I am learning openacc and I am stuck with a loop that works on several arrays, but the number of these arrays is not known at compile time. For instance I have an array of those device pointers (provided elsewhere by cuda), called p, with size n. How can I start a parallel loop with openacc and passing all these pointers in deviceptr()?
From the API documentation it looks like I can only pass pointers one by one. Not an array of them.
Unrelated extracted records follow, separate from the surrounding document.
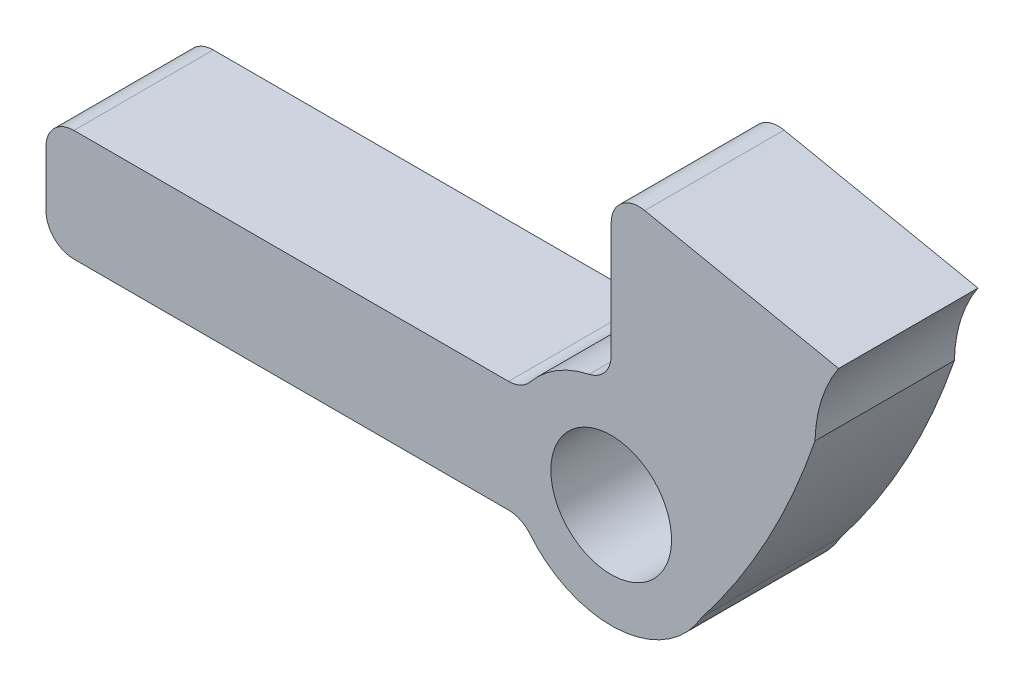
ISO-10303-21;
HEADER;
FILE_DESCRIPTION(('STEP AP214'),'2;1');
FILE_NAME('part.step','',(''),(''),'','','');
FILE_SCHEMA(('AUTOMOTIVE_DESIGN { 1 0 10303 214 1 1 1 1 }'));
ENDSEC;
DATA;
#1=APPLICATION_CONTEXT('core data for automotive mechanical design processes');
#2=APPLICATION_PROTOCOL_DEFINITION('international standard','automotive_design',2000,#1);
#3=PRODUCT_CONTEXT('',#1,'mechanical');
#4=PRODUCT('Part','Part','',(#3));
#5=PRODUCT_RELATED_PRODUCT_CATEGORY('part','',(#4));
#6=PRODUCT_DEFINITION_FORMATION('','',#4);
#7=PRODUCT_DEFINITION_CONTEXT('part definition',#1,'design');
#8=PRODUCT_DEFINITION('design','',#6,#7);
#9=PRODUCT_DEFINITION_SHAPE('','',#8);
#10=(LENGTH_UNIT() NAMED_UNIT(*) SI_UNIT(.MILLI.,.METRE.));
#11=(NAMED_UNIT(*) PLANE_ANGLE_UNIT() SI_UNIT($,.RADIAN.));
#12=(NAMED_UNIT(*) SI_UNIT($,.STERADIAN.) SOLID_ANGLE_UNIT());
#13=UNCERTAINTY_MEASURE_WITH_UNIT(LENGTH_MEASURE(1.E-05),#10,'distance_accuracy_value','');
#14=(GEOMETRIC_REPRESENTATION_CONTEXT(3) GLOBAL_UNCERTAINTY_ASSIGNED_CONTEXT((#13)) GLOBAL_UNIT_ASSIGNED_CONTEXT((#10,
#11,#12)) REPRESENTATION_CONTEXT('',''));
#15=CARTESIAN_POINT('',(0.,0.,0.));
#16=DIRECTION('',(0.,0.,1.));
#17=DIRECTION('',(1.,0.,0.));
#18=AXIS2_PLACEMENT_3D('',#15,#16,#17);
#19=CARTESIAN_POINT('',(0.,0.,0.));
#20=DIRECTION('',(0.,0.,-1.));
#21=DIRECTION('',(-1.,0.,0.));
#22=AXIS2_PLACEMENT_3D('',#19,#20,#21);
#23=PLANE('',#22);
#24=CARTESIAN_POINT('',(31.5279016396523,26.917706060105,0.));
#25=DIRECTION('',(0.,0.,-1.));
#26=DIRECTION('',(-1.,0.,0.));
#27=AXIS2_PLACEMENT_3D('',#24,#25,#26);
#28=CIRCLE('',#27,2.75);
#29=CARTESIAN_POINT('',(28.7779016396523,26.917706060105,0.));
#30=VERTEX_POINT('',#29);
#31=EDGE_CURVE('E43',#30,#30,#28,.T.);
#32=ORIENTED_EDGE('',*,*,#31,.F.);
#33=EDGE_LOOP('',(#32));
#34=FACE_BOUND('',#33,.T.);
#35=CARTESIAN_POINT('',(47.1645659339847,33.9451594546823,0.));
#36=DIRECTION('',(0.,0.,1.));
#37=DIRECTION('',(-1.,0.,0.));
#38=AXIS2_PLACEMENT_3D('',#35,#36,#37);
#39=CIRCLE('',#38,6.35000000000001);
#40=CARTESIAN_POINT('',(41.893380204959,37.4859363482631,0.));
#41=VERTEX_POINT('',#40);
#42=CARTESIAN_POINT('',(40.8161922352779,34.0888653403209,0.));
#43=VERTEX_POINT('',#42);
#44=EDGE_CURVE('E170',#41,#43,#39,.T.);
#45=ORIENTED_EDGE('',*,*,#44,.T.);
#46=CARTESIAN_POINT('',(9.96866323767214,44.5924918390402,0.));
#47=DIRECTION('',(0.,0.,-1.));
#48=DIRECTION('',(-1.,0.,0.));
#49=AXIS2_PLACEMENT_3D('',#46,#47,#48);
#50=CIRCLE('',#49,32.5867490689502);
#51=CARTESIAN_POINT('',(35.6523476251745,24.5364560601058,0.));
#52=VERTEX_POINT('',#51);
#53=EDGE_CURVE('E216',#43,#52,#50,.T.);
#54=ORIENTED_EDGE('',*,*,#53,.T.);
#55=CARTESIAN_POINT('',(31.5279016396523,26.917706060105,0.));
#56=DIRECTION('',(0.,0.,-1.));
#57=DIRECTION('',(-1.,0.,0.));
#58=AXIS2_PLACEMENT_3D('',#55,#56,#57);
#59=CIRCLE('',#58,4.76249999999865);
#60=CARTESIAN_POINT('',(27.8354802793434,23.909811323263,0.));
#61=VERTEX_POINT('',#60);
#62=EDGE_CURVE('E214',#52,#61,#59,.T.);
#63=ORIENTED_EDGE('',*,*,#62,.T.);
#64=CARTESIAN_POINT('',(26.8508345832607,23.1077060601049,0.));
#65=DIRECTION('',(0.,0.,1.));
#66=DIRECTION('',(-1.,0.,0.));
#67=AXIS2_PLACEMENT_3D('',#64,#65,#66);
#68=CIRCLE('',#67,1.27);
#69=CARTESIAN_POINT('',(26.8508345832607,24.3777060601049,0.));
#70=VERTEX_POINT('',#69);
#71=EDGE_CURVE('E62',#61,#70,#68,.T.);
#72=ORIENTED_EDGE('',*,*,#71,.T.);
#73=DIRECTION('',(-1.,0.,0.));
#74=VECTOR('',#73,1.);
#75=CARTESIAN_POINT('',(26.8508345832607,24.3777060601049,0.));
#76=LINE('',#75,#74);
#77=CARTESIAN_POINT('',(7.04230163965219,24.3777060601049,0.));
#78=VERTEX_POINT('',#77);
#79=EDGE_CURVE('E210',#70,#78,#76,.T.);
#80=ORIENTED_EDGE('',*,*,#79,.T.);
#81=CARTESIAN_POINT('',(7.04230163965224,25.6477060601049,0.));
#82=DIRECTION('',(0.,0.,-1.));
#83=DIRECTION('',(-1.,0.,0.));
#84=AXIS2_PLACEMENT_3D('',#81,#82,#83);
#85=CIRCLE('',#84,1.27000000000003);
#86=CARTESIAN_POINT('',(5.77230163965221,25.6477060601049,0.));
#87=VERTEX_POINT('',#86);
#88=EDGE_CURVE('E207',#78,#87,#85,.T.);
#89=ORIENTED_EDGE('',*,*,#88,.T.);
#90=DIRECTION('',(0.,1.,0.));
#91=VECTOR('',#90,1.);
#92=CARTESIAN_POINT('',(5.77230163965224,28.1877060601049,0.));
#93=LINE('',#92,#91);
#94=CARTESIAN_POINT('',(5.77230163965224,28.1877060601049,0.));
#95=VERTEX_POINT('',#94);
#96=EDGE_CURVE('E204',#87,#95,#93,.T.);
#97=ORIENTED_EDGE('',*,*,#96,.T.);
#98=CARTESIAN_POINT('',(7.04230163965223,28.1877060601049,0.));
#99=DIRECTION('',(0.,0.,-1.));
#100=DIRECTION('',(-1.,0.,0.));
#101=AXIS2_PLACEMENT_3D('',#98,#99,#100);
#102=CIRCLE('',#101,1.27);
#103=CARTESIAN_POINT('',(7.04230163965223,29.4577060601049,0.));
#104=VERTEX_POINT('',#103);
#105=EDGE_CURVE('E201',#95,#104,#102,.T.);
#106=ORIENTED_EDGE('',*,*,#105,.T.);
#107=DIRECTION('',(1.,0.,0.));
#108=VECTOR('',#107,1.);
#109=CARTESIAN_POINT('',(26.8508345832607,29.4577060601049,0.));
#110=LINE('',#109,#108);
#111=CARTESIAN_POINT('',(26.8508345832607,29.4577060601049,0.));
#112=VERTEX_POINT('',#111);
#113=EDGE_CURVE('E198',#104,#112,#110,.T.);
#114=ORIENTED_EDGE('',*,*,#113,.T.);
#115=CARTESIAN_POINT('',(26.8508345832607,30.7277060601049,0.));
#116=DIRECTION('',(0.,0.,1.));
#117=DIRECTION('',(-1.,0.,0.));
#118=AXIS2_PLACEMENT_3D('',#115,#116,#117);
#119=CIRCLE('',#118,1.27);
#120=CARTESIAN_POINT('',(27.8354802793434,29.9256007969468,0.));
#121=VERTEX_POINT('',#120);
#122=EDGE_CURVE('E195',#112,#121,#119,.T.);
#123=ORIENTED_EDGE('',*,*,#122,.T.);
#124=CARTESIAN_POINT('',(31.5279016396523,26.917706060105,0.));
#125=DIRECTION('',(0.,0.,-1.));
#126=DIRECTION('',(-1.,0.,0.));
#127=AXIS2_PLACEMENT_3D('',#124,#125,#126);
#128=CIRCLE('',#127,4.76249999999849);
#129=CARTESIAN_POINT('',(30.5252700607049,31.5734698177374,0.));
#130=VERTEX_POINT('',#129);
#131=EDGE_CURVE('E192',#121,#130,#128,.T.);
#132=ORIENTED_EDGE('',*,*,#131,.T.);
#133=CARTESIAN_POINT('',(30.2579016396522,32.8150068197731,0.));
#134=DIRECTION('',(0.,0.,1.));
#135=DIRECTION('',(-1.,0.,0.));
#136=AXIS2_PLACEMENT_3D('',#133,#134,#135);
#137=CIRCLE('',#136,1.27000000000001);
#138=CARTESIAN_POINT('',(31.5279016396522,32.8150068197731,0.));
#139=VERTEX_POINT('',#138);
#140=EDGE_CURVE('E189',#130,#139,#137,.T.);
#141=ORIENTED_EDGE('',*,*,#140,.T.);
#142=DIRECTION('',(0.,1.,0.));
#143=VECTOR('',#142,1.);
#144=CARTESIAN_POINT('',(31.5279016396522,38.0574046258228,0.));
#145=LINE('',#144,#143);
#146=CARTESIAN_POINT('',(31.5279016396522,38.0574046258228,0.));
#147=VERTEX_POINT('',#146);
#148=EDGE_CURVE('E186',#139,#147,#145,.T.);
#149=ORIENTED_EDGE('',*,*,#148,.T.);
#150=CARTESIAN_POINT('',(32.7979016396522,38.0574046258228,0.));
#151=DIRECTION('',(0.,0.,-1.));
#152=DIRECTION('',(-1.,0.,0.));
#153=AXIS2_PLACEMENT_3D('',#150,#151,#152);
#154=CIRCLE('',#153,1.27);
#155=CARTESIAN_POINT('',(33.0557148185302,39.3009609634275,0.));
#156=VERTEX_POINT('',#155);
#157=EDGE_CURVE('E178',#147,#156,#154,.T.);
#158=ORIENTED_EDGE('',*,*,#157,.T.);
#159=DIRECTION('',(0.979555324329309,-0.201174965087861,0.));
#160=VECTOR('',#159,1.);
#161=CARTESIAN_POINT('',(41.893380204959,37.4859363482631,0.));
#162=LINE('',#161,#160);
#163=EDGE_CURVE('E172',#156,#41,#162,.T.);
#164=ORIENTED_EDGE('',*,*,#163,.T.);
#165=EDGE_LOOP('',(#45,#54,#63,#72,#80,#89,#97,#106,#114,#123,#132,#141,#149,#158,#164));
#166=FACE_BOUND('',#165,.T.);
#167=ADVANCED_FACE('F40',(#34,#166),#23,.T.);
#168=CARTESIAN_POINT('',(31.5279016396523,26.917706060105,6.35));
#169=DIRECTION('',(0.,0.,-1.));
#170=DIRECTION('',(-1.,0.,0.));
#171=AXIS2_PLACEMENT_3D('',#168,#169,#170);
#172=CYLINDRICAL_SURFACE('',#171,2.75);
#173=CARTESIAN_POINT('',(31.5279016396523,26.917706060105,6.35));
#174=DIRECTION('',(0.,0.,-1.));
#175=DIRECTION('',(-1.,0.,0.));
#176=AXIS2_PLACEMENT_3D('',#173,#174,#175);
#177=CIRCLE('',#176,2.75);
#178=CARTESIAN_POINT('',(28.7779016396523,26.917706060105,6.35));
#179=VERTEX_POINT('',#178);
#180=EDGE_CURVE('E12',#179,#179,#177,.T.);
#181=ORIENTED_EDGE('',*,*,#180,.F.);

You should be able to pass in the array of device pointers via a data directive. Something like the following pseudocode (I’m assuming you’re using C/C++):
float ** p = (float **) malloc(n*sizeof(float *));
for (int i=0; i < n; ++i) {
err = cudaMalloc(&p[i], somesize);
}
#pragma acc enter data copyin(p[:n])
...
#pragma acc parallel loop gang present(p)
for (int arrNum = 0; arrNum < n; ++arrNum) {
#pragma acc loop vector
for (int eleNum=0; eleNum < sizeofArr ; ++eleNum) {
p[arrNum][eleNum] = something;
}
}
Thank you for this idea. I did not realize that simply having the pointer on the device told enough to the compiler. I will try as soon as possible.
Now I don’t really see whether there is a point to the present(p) here. I could simply have the copyin directly in the #pragma acc parallel loop I guess?
I put “p” in an outer unstructured data region so it could be used across multiple compute regions. If you only used it in this one region, then yes, you can replace present with copyin. But if there are more than one, then you have extra data movement.
The “copy” data clauses use “present_or” semantics meaning if the data is already present in an outer data region, then don’t do the create or copy. This can be useful in cases where you don’t know if the incoming data is present or not, but for cases where it’s expected to be present, then using the “present” clause is considered best practice.